Study of the feature space
By exploring the weight given to the principal axis, also called loading vectors, we can best see which variables are correlated or more relevant.
To better clarify, PC1, the first loading vector, is the linear combination of features with the largest variance, while PC2 is the axis with maximal variance out of all linear combinations that are uncorrelated with PC1. Using a heatmap we can see which features are relatively significant in each of the two orthogonal axes.
We can further explore the feature space by plotting the weights of each loading vector, labeled with a number for better clarity.
We see PC1 put much weight on concavity variables 6, 7, 26, and 27 and much less importance on 11, 14, and 18 (texture, smoothness, and symmetry error). Variables such as mean radius, mean perimeter, mean area, worst radius, worst perimeter, and worst area are located close to each other, showing a clear and expected correlation (points 0,2,3,20,22,23).
It is interesting to note that these variables are far and therefore largely uncorrelated to smoothness and symmetry-related variables (28, 24, 8, 4).
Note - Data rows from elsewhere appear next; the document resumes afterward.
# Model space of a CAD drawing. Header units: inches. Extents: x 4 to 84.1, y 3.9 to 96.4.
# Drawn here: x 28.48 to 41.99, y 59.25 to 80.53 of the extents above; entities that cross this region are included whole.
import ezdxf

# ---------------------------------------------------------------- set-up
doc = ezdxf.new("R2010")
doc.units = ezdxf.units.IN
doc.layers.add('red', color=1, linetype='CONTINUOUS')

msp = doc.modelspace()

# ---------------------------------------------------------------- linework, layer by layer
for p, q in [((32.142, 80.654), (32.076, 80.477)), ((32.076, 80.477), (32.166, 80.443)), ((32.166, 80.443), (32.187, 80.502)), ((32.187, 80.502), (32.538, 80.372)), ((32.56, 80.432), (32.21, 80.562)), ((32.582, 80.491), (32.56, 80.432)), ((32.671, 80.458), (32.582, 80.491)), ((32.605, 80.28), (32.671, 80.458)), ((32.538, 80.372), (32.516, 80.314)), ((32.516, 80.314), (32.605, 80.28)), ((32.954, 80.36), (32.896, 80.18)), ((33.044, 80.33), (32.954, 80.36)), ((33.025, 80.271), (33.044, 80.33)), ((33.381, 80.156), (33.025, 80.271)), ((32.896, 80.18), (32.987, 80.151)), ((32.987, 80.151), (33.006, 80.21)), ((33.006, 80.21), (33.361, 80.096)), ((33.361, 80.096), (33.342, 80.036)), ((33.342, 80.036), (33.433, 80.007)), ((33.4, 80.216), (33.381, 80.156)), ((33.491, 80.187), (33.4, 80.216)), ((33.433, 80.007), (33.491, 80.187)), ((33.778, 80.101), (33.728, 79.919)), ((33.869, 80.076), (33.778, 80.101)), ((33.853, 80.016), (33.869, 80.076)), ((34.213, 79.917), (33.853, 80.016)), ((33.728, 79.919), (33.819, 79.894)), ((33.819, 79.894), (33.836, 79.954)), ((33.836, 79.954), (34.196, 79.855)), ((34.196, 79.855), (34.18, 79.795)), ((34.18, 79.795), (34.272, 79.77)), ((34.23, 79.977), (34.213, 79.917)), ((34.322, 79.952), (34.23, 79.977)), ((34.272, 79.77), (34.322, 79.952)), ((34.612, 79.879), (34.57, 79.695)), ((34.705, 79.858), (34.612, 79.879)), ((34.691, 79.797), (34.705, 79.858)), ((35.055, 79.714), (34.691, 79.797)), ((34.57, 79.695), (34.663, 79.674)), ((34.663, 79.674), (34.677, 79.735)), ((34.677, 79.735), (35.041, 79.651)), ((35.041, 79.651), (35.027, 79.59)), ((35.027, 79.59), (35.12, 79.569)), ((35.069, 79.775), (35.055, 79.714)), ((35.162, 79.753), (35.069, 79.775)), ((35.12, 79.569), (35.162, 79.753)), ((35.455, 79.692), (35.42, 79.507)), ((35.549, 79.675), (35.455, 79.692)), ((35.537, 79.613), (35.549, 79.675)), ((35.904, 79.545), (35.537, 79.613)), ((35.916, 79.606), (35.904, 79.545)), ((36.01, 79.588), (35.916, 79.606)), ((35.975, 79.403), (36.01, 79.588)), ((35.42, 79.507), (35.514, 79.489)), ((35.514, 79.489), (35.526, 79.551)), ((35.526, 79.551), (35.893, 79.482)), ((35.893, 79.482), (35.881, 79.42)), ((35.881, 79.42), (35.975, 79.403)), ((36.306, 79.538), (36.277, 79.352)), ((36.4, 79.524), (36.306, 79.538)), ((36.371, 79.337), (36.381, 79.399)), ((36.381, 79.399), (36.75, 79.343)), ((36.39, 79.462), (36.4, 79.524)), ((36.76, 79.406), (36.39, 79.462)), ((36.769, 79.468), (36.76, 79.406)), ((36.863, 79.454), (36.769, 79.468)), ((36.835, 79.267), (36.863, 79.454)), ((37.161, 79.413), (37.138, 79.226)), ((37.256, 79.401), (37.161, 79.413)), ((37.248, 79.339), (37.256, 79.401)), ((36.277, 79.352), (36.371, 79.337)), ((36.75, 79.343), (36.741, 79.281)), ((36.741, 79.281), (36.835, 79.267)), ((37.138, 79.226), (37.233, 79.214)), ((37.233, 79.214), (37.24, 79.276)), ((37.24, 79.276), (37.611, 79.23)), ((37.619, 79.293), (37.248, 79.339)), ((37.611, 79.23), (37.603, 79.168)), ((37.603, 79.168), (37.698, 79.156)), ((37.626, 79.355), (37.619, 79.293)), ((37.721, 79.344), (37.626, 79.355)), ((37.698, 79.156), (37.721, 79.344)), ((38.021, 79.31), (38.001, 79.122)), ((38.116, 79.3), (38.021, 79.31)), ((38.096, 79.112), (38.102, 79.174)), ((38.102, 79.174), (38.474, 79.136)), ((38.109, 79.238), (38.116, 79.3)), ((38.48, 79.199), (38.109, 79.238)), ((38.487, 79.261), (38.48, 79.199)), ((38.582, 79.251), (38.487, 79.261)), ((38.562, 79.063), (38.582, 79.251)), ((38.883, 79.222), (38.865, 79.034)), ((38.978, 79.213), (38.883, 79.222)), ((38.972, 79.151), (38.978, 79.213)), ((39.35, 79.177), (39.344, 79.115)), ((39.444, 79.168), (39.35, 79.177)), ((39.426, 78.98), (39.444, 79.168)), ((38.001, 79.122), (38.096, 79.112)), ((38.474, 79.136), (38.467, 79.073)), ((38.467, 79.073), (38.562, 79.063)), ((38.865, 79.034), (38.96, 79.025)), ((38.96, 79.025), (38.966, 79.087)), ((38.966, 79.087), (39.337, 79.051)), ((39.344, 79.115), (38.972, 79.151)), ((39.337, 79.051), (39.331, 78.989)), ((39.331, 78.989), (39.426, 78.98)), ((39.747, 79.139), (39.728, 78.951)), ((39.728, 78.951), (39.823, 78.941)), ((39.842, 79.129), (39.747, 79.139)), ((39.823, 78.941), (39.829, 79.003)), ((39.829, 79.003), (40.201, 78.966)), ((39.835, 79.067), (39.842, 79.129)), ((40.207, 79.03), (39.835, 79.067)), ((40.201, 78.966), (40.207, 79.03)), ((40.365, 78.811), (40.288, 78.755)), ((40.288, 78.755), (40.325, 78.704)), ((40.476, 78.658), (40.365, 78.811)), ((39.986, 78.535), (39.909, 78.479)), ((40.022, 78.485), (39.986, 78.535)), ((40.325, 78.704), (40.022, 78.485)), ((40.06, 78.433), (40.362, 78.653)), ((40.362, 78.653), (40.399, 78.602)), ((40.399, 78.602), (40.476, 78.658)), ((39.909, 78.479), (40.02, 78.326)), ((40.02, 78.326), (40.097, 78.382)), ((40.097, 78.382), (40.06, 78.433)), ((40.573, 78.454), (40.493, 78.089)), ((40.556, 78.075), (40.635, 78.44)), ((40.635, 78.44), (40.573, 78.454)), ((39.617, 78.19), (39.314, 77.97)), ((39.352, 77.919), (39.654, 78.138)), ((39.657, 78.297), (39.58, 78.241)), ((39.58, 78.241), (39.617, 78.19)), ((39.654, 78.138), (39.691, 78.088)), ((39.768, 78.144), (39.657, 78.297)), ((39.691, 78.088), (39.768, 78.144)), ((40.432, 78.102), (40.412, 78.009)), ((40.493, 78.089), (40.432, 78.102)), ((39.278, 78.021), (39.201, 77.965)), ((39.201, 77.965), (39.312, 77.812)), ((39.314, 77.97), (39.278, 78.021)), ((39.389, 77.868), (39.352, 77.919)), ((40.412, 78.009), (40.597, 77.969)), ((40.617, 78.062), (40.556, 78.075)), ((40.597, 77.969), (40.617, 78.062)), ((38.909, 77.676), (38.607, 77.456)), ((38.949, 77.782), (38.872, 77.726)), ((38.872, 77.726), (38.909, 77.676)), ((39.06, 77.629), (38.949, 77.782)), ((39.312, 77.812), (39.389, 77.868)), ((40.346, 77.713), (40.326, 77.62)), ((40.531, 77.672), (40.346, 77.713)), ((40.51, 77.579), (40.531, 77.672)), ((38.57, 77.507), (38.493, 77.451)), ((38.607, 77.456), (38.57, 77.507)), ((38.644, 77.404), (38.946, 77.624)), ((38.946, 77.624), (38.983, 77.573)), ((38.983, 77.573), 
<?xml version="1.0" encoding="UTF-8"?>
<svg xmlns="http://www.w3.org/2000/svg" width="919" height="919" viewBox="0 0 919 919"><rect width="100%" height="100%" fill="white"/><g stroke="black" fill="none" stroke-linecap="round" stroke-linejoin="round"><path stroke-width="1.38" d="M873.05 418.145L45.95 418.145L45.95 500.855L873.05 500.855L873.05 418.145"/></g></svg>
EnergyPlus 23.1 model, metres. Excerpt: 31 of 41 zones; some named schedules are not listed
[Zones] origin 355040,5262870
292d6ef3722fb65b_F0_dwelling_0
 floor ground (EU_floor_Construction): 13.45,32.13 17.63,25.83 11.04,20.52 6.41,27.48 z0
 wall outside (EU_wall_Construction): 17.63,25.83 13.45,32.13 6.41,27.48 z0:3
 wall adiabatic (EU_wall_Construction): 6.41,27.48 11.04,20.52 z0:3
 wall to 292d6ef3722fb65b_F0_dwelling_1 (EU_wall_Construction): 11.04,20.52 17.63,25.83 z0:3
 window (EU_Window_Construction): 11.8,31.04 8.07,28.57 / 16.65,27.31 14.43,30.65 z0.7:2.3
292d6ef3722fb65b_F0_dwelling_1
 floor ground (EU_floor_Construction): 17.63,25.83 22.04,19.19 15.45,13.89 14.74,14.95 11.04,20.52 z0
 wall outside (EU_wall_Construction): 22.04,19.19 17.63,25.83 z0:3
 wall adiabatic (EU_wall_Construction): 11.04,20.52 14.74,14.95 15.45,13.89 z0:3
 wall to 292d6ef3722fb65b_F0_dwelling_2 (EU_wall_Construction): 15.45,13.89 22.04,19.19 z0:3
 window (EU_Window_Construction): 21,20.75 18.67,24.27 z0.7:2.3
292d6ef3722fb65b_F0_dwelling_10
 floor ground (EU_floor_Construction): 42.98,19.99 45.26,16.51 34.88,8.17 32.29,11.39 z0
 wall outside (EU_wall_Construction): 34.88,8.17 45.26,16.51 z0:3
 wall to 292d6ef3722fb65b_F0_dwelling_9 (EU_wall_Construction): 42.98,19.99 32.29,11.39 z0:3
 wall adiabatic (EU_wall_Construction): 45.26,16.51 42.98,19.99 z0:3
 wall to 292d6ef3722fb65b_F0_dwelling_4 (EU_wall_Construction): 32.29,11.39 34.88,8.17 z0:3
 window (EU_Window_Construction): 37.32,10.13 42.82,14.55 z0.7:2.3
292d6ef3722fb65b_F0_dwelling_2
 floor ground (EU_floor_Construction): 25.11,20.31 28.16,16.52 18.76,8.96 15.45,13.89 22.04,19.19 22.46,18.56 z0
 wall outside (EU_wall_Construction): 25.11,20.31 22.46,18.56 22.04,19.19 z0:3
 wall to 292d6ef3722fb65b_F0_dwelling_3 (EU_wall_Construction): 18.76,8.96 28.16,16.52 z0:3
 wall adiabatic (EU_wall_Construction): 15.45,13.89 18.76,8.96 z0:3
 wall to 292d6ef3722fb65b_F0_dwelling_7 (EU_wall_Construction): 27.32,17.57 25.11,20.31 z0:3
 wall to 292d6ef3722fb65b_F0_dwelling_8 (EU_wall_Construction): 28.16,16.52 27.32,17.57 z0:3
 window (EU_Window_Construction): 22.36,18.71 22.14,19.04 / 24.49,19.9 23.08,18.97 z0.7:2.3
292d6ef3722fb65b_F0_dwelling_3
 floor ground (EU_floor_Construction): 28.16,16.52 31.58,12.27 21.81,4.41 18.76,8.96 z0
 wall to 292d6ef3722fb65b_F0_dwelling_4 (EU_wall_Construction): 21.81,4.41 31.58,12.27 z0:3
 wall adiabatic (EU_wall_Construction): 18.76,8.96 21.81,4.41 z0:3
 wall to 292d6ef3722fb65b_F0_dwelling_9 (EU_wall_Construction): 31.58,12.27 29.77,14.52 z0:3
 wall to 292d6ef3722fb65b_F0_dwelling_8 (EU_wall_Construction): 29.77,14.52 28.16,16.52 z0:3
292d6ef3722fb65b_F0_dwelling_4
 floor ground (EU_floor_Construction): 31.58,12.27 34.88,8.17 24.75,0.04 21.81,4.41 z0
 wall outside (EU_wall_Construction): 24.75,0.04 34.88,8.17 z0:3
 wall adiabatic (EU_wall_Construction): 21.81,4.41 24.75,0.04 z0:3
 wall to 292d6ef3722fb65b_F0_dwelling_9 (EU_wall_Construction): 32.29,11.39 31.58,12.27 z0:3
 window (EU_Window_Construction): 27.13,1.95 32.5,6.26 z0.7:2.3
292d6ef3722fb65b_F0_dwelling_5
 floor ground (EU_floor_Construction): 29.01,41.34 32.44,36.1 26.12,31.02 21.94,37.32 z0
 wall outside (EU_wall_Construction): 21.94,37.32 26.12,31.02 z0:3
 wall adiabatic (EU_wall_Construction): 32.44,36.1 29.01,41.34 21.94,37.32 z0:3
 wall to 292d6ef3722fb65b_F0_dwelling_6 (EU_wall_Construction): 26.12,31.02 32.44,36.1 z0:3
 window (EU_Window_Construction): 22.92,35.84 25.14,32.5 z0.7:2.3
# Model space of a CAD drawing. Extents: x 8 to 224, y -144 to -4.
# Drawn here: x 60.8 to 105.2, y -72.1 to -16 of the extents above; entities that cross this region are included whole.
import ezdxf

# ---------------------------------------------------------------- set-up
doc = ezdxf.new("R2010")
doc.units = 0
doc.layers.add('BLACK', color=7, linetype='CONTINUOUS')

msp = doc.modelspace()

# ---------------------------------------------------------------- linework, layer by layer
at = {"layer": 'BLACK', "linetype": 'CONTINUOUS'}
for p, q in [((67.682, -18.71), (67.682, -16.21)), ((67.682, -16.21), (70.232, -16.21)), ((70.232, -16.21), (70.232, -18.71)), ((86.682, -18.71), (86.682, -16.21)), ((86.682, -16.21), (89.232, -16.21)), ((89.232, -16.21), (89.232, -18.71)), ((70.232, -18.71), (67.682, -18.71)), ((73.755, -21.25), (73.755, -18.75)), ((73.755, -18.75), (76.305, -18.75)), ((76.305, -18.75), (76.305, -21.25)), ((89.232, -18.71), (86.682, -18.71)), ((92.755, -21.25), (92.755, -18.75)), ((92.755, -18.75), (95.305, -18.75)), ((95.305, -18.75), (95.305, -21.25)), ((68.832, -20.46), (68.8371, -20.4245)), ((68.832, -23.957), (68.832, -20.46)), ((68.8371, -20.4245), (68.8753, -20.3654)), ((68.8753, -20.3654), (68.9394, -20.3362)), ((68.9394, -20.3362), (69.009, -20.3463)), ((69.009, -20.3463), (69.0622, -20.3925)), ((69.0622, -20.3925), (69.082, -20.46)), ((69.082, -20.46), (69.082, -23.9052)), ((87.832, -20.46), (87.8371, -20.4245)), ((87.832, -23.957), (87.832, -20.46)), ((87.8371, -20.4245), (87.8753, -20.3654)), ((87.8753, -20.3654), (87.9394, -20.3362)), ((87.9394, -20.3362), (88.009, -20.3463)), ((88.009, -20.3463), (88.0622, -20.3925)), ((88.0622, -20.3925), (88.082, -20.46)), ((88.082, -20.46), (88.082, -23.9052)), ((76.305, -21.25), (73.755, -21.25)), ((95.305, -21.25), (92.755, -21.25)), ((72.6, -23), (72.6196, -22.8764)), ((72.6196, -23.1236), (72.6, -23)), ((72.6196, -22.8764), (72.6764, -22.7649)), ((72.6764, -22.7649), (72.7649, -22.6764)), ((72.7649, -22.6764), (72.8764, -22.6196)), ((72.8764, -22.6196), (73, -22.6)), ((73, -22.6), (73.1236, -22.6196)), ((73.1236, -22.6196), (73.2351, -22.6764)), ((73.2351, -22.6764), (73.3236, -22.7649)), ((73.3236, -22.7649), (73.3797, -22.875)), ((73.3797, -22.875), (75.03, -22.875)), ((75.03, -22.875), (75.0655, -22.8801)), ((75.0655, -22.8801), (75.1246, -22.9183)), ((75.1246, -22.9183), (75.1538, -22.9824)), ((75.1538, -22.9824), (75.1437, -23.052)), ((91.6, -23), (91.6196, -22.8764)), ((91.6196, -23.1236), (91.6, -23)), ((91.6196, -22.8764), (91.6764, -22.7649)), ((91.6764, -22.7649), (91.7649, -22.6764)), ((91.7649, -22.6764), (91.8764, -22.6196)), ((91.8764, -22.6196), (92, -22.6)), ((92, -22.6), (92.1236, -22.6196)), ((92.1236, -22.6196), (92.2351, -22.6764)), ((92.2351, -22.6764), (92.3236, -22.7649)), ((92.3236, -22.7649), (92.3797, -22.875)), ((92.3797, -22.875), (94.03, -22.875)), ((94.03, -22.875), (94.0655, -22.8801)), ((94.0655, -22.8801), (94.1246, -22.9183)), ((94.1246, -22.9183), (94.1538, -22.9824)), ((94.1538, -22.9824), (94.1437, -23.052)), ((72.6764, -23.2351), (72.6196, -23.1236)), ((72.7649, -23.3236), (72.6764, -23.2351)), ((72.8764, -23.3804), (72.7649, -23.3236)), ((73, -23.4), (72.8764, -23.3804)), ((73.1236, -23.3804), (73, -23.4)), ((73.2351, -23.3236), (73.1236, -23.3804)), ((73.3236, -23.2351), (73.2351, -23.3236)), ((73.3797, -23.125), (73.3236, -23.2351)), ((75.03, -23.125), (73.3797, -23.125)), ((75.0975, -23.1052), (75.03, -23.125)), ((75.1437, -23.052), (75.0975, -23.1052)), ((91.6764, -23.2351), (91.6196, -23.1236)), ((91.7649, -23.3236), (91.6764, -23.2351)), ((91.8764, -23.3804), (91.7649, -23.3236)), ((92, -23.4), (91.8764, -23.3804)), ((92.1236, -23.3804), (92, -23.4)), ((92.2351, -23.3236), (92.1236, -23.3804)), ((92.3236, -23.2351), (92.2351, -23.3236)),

An oncology expert would probably find additional insights from these relationships between different features. Generally speaking, as I explored in my article “Six critical rules for Data Science organizations design“, Data Scientists should never work in isolation from content experts, by far the most common mistake in many organizations.
Should we add additional dimensions to our PCA?
By running the PCA with n_components = 30 we can get an array of explained variance contribution by each additional dimension. In fact, the cumulated sums of these contributions tell how each dimension adds up to retained overall information. A red line shows the choice of two axes we used in this analysis while the curve flattens towards one, meaning that the full information is kept with a number of axes equal to the number of initial features.
We have seen how two dimensions were able to keep the benign and malignant tumors groups well separated so in this case, many supervised classification models such as Support Vector Machine (SVM) may work really well after PCA with n_components=2.
However, in other cases, you may want to use more axes to retain more information prior to feeding the transformed data into a machine learning engine.
Conclusions
We have seen how PCA is a great tool to simplify data sets with many features. During Exploratory Data Analysis with many variables involved, it is sometimes impossible and futile to try analyzing dozens of scatterplots, while PCA significantly simplifies the task reducing data to relevant dimensions. The general idea behind the technique is that not all the features will add up significant information, especially when some features are heavily correlated. Inspecting the weights of the loading vectors shines a powerful light on these correlations and potentially brings additional insights to content experts’ understanding. Once data are understood, PCA can be used as a very effective component of a Machine Learning pipeline coupled with most supervised classification algorithms.